Last week a U.S. Supreme Court ruling denied Angel Raich and Diane Monson the right -established by California voters in 1996- to obtain and use marijuana for medical purposes. The majority opinion by Justice John Paul Stevens included a paragraph to which members of the Society of Cannabis Clinicians take issue. According to Stevens:

“The exemption for physicians provides them with an economic incentive to grant their patients permission to use the drug. In contrast to most prescriptions for legal drugs, which limit the dosage and duration of the usage, under California law the doctor’s permission to recommend marijuana use is open-ended. The authority to grant permission whenever the doctor determines that a patient is afflicted with ‘any other illness for which marijuana provides relief,’ is broad enough to allow even the most scrupulous doctor to conclude that some recreational uses would be therapeutic. And our cases have taught us that there are some unscrupulous physicians who overprescribe when it is sufficiently profitable to do so.”

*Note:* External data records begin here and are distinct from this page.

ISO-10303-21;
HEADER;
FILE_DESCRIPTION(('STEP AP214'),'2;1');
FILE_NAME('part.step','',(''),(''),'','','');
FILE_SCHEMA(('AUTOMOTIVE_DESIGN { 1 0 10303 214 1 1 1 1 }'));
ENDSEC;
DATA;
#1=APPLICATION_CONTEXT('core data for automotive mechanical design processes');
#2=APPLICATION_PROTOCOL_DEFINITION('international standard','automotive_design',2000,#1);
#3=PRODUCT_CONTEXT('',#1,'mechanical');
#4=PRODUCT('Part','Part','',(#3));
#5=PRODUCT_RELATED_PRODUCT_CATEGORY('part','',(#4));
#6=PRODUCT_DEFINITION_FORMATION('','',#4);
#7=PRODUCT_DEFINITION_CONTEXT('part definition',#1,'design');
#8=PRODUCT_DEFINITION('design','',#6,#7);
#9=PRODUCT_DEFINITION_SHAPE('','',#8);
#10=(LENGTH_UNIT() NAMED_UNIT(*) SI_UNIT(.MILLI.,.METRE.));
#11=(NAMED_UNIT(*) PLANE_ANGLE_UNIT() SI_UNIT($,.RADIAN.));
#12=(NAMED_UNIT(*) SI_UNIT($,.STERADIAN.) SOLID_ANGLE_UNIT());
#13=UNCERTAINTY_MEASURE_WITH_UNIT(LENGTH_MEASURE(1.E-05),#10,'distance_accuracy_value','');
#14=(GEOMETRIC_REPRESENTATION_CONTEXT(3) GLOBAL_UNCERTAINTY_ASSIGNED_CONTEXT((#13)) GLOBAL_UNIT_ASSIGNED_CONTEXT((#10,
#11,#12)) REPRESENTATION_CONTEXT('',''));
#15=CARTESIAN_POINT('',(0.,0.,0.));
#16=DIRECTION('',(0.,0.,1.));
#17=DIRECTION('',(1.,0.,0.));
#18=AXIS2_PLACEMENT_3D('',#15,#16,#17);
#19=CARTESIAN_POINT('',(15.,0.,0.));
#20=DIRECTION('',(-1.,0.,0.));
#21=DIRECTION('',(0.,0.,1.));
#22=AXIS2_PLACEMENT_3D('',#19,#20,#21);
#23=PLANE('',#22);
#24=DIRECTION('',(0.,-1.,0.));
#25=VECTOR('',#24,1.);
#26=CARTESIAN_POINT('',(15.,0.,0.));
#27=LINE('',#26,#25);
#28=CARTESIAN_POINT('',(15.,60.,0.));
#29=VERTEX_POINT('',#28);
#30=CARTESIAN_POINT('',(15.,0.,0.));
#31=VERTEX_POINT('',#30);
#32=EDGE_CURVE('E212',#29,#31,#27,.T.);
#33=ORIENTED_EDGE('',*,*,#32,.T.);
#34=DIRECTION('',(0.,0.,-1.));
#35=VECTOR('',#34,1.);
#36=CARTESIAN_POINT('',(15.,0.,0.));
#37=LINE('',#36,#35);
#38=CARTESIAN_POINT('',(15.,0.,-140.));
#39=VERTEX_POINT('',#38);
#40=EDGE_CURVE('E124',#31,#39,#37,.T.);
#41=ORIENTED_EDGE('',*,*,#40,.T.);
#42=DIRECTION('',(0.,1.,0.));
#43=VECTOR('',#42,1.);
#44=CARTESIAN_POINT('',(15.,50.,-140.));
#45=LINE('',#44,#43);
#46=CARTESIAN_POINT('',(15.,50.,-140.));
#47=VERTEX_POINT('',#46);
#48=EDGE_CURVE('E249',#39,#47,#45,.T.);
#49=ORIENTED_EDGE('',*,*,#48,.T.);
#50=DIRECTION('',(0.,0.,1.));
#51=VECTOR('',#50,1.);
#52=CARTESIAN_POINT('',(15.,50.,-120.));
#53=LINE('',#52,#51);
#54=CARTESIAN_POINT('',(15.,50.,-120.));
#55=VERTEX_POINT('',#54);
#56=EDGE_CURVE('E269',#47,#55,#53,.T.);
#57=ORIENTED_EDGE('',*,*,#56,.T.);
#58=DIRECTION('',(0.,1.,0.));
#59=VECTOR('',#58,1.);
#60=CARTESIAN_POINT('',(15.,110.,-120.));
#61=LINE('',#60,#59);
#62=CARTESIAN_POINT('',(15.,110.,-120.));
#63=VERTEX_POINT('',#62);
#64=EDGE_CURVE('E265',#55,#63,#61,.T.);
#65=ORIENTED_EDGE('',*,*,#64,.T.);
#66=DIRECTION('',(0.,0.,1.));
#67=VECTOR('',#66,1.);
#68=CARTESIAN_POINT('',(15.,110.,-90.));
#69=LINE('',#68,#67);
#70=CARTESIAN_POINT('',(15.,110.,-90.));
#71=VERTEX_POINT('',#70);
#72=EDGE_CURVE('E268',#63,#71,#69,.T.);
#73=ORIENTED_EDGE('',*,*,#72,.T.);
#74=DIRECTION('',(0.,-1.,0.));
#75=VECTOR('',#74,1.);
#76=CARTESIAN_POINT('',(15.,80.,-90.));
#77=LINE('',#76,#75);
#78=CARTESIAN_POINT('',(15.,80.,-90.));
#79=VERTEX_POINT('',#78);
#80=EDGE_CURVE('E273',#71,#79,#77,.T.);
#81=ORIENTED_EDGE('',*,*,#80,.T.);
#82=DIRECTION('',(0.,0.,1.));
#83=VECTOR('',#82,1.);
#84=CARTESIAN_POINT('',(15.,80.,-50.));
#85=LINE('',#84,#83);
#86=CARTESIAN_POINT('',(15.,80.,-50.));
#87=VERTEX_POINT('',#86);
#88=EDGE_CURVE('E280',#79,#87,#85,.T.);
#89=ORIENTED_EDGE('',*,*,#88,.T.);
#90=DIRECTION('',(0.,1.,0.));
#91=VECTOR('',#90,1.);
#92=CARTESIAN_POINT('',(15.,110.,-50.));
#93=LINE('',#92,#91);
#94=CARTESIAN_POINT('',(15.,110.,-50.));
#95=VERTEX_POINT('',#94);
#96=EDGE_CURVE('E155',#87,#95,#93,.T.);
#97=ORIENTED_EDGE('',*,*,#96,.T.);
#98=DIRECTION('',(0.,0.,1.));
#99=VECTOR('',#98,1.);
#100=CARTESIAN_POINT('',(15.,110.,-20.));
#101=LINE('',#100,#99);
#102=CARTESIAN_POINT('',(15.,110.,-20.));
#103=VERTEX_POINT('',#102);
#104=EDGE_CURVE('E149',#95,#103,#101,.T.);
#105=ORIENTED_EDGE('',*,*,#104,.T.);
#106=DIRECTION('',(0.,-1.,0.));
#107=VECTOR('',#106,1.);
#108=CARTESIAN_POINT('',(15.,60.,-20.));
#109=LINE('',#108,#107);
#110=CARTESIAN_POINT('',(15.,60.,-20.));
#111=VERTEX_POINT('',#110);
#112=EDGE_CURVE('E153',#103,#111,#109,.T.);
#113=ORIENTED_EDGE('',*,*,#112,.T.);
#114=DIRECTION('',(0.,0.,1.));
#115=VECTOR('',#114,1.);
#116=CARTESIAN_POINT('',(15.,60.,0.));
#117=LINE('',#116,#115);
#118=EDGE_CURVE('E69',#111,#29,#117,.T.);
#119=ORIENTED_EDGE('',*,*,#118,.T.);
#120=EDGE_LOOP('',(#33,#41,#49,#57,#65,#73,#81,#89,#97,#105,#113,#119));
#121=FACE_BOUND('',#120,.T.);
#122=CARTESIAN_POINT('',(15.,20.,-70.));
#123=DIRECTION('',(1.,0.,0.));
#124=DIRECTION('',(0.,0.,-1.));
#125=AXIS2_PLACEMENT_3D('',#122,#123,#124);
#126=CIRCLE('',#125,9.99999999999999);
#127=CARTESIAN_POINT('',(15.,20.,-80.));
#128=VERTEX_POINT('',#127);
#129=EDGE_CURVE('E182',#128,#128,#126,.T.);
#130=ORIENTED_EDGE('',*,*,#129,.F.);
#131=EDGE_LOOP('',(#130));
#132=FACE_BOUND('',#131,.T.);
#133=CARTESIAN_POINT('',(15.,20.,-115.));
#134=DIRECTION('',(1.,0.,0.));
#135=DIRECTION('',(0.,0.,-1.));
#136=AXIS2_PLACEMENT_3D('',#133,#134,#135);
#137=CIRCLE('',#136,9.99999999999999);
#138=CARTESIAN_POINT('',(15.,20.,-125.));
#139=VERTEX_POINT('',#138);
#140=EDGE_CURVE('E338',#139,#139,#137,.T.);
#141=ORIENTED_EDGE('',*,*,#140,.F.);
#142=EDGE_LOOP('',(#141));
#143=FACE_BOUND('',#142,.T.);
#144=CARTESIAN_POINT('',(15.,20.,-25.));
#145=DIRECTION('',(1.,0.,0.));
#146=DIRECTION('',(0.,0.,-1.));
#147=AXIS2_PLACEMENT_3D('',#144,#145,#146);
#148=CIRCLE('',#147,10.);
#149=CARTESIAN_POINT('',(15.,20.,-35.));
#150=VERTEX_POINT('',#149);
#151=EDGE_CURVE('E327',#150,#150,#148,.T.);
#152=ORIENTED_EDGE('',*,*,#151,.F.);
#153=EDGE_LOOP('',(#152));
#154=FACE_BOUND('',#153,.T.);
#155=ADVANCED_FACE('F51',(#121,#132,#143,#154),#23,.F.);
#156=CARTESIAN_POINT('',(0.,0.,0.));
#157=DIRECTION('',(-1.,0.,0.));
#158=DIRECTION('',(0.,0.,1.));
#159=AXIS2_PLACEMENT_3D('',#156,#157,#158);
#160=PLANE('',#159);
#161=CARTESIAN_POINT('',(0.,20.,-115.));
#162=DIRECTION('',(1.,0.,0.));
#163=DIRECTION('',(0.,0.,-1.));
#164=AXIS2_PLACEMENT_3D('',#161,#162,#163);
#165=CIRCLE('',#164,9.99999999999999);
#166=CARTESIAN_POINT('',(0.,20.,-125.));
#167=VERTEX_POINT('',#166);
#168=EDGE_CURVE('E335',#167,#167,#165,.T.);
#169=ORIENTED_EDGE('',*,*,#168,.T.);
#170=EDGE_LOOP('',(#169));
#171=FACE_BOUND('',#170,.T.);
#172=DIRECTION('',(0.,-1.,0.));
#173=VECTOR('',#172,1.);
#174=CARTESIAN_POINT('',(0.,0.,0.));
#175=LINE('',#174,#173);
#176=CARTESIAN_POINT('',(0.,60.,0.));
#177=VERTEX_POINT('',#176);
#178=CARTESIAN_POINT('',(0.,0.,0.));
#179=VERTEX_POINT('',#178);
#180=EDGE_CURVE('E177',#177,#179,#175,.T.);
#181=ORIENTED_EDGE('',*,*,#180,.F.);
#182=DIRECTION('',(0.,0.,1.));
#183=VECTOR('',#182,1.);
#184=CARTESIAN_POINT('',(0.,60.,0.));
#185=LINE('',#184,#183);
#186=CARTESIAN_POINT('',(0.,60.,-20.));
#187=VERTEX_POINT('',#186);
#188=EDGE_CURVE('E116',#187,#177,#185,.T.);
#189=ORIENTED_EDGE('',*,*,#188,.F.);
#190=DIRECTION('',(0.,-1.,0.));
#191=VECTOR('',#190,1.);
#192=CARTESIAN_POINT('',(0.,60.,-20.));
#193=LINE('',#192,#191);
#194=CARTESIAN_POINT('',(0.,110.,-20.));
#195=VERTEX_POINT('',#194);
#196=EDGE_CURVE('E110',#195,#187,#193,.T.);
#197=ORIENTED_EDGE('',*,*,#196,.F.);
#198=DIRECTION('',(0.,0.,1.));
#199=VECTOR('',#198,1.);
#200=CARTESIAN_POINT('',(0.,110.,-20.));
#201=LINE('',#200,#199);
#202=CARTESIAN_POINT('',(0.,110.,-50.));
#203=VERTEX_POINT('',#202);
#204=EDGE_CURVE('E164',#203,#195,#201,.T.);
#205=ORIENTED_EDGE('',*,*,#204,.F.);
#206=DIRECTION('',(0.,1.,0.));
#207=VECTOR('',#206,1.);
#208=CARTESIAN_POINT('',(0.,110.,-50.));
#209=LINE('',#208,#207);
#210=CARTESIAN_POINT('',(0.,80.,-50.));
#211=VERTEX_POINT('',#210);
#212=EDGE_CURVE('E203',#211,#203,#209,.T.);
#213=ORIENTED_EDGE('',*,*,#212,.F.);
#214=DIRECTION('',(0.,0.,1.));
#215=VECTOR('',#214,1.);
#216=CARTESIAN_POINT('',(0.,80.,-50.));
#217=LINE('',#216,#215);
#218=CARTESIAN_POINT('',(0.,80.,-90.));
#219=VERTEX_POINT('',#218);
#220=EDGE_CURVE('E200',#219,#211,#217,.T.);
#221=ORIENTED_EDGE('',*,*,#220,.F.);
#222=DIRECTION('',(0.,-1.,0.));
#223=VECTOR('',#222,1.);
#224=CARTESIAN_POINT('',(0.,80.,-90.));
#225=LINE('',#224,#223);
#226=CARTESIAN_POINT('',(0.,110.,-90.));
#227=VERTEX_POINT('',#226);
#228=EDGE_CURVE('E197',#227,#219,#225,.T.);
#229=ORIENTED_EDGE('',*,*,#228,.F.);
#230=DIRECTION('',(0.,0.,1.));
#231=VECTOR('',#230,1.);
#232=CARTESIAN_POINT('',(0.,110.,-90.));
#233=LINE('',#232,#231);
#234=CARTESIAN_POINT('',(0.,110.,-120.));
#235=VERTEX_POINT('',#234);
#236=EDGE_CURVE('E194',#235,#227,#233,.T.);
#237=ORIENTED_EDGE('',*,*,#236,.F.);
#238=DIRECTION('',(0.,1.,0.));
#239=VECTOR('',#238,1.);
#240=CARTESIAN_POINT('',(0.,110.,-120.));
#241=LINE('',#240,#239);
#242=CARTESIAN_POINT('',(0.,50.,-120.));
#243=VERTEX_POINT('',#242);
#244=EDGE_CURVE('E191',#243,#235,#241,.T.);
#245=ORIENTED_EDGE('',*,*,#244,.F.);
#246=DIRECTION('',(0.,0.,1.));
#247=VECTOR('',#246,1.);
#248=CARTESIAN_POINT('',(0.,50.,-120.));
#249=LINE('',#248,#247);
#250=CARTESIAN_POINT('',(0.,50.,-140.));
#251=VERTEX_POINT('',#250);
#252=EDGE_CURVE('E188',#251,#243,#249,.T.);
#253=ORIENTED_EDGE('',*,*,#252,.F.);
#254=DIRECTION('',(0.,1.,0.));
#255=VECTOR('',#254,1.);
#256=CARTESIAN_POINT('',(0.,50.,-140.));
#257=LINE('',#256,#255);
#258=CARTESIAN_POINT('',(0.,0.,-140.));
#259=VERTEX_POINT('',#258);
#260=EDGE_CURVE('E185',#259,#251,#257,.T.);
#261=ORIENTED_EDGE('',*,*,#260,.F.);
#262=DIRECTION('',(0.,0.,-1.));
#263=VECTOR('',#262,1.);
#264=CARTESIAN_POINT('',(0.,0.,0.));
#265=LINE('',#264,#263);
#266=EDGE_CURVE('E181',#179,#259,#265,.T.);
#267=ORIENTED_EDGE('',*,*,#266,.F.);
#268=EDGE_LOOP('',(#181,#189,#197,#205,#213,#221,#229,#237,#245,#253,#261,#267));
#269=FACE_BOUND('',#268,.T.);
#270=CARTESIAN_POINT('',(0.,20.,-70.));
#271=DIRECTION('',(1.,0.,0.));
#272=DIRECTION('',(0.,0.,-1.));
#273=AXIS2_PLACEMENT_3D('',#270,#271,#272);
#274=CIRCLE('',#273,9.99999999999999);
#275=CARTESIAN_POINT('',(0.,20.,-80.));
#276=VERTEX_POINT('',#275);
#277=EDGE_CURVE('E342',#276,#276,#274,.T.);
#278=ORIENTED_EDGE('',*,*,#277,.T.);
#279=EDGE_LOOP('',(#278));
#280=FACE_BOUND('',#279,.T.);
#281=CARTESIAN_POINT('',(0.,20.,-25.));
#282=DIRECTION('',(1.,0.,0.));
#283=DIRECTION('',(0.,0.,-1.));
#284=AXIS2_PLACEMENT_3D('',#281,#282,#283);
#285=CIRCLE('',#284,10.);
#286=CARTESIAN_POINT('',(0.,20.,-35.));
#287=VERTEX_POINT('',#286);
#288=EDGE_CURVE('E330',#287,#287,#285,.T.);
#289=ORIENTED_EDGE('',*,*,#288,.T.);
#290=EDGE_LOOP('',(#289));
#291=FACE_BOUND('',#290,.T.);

David Bearman, MD, responds:

“That is an insult. No one gets in my front door for an appointment unless they represent themselves on the phone as having a well-documented serious disease. If the Medical Board and the feds had not been so damn busy harrassing and intimidating physicians, 10 to 20 times as many California physicians (e.g. 15,000 to 30,000) would be making recommendations. It would take the patient’s principal doctor (and the vast majority of my patients have one) an extra minute or two, and save the patient the time and trouble of having to seek out a cannabinologist. This is what the voters of the state of California had in mind when they passed 215. It’s the Feds and the MBC who have created this economic barrier, uh oh I mean incentive.”

Frank Lucido, MD, thinks Stevens misunderstands the doctor’s role in approving a patient’s request to self-medicate with cannabis:

“The more appropriate analogy is not to a drug prescription, which would involve an exact amount you are ordering the pharmacist to dispense, but to a medical decision of ‘yes’ or ‘no,’ such as: ‘Yes, you are fit to go to camp.’ ‘No, you cannot fly a plane’ (FAA physicals) ‘No, you can’t have insurance from this company that I work for.’ ‘Yes, you should be off work for the next 3 days due to illness.’ ‘No, your injury is not work-related.’ ‘Yes, I recommend you cut back your work hours for health reasons.'”

Robert E. Sullivan, MD, says Stevens’s reference to an “economic incentive to grant their patients permission to use the drug” would apply as well to “a new cure for herpes, hypertension, or erectile dysfunction (talk about a “marketed diagnosis”). One can only conclude that he believes physicians really make decisions on such base motivation. Does he think they get a kickback? Very cynical.”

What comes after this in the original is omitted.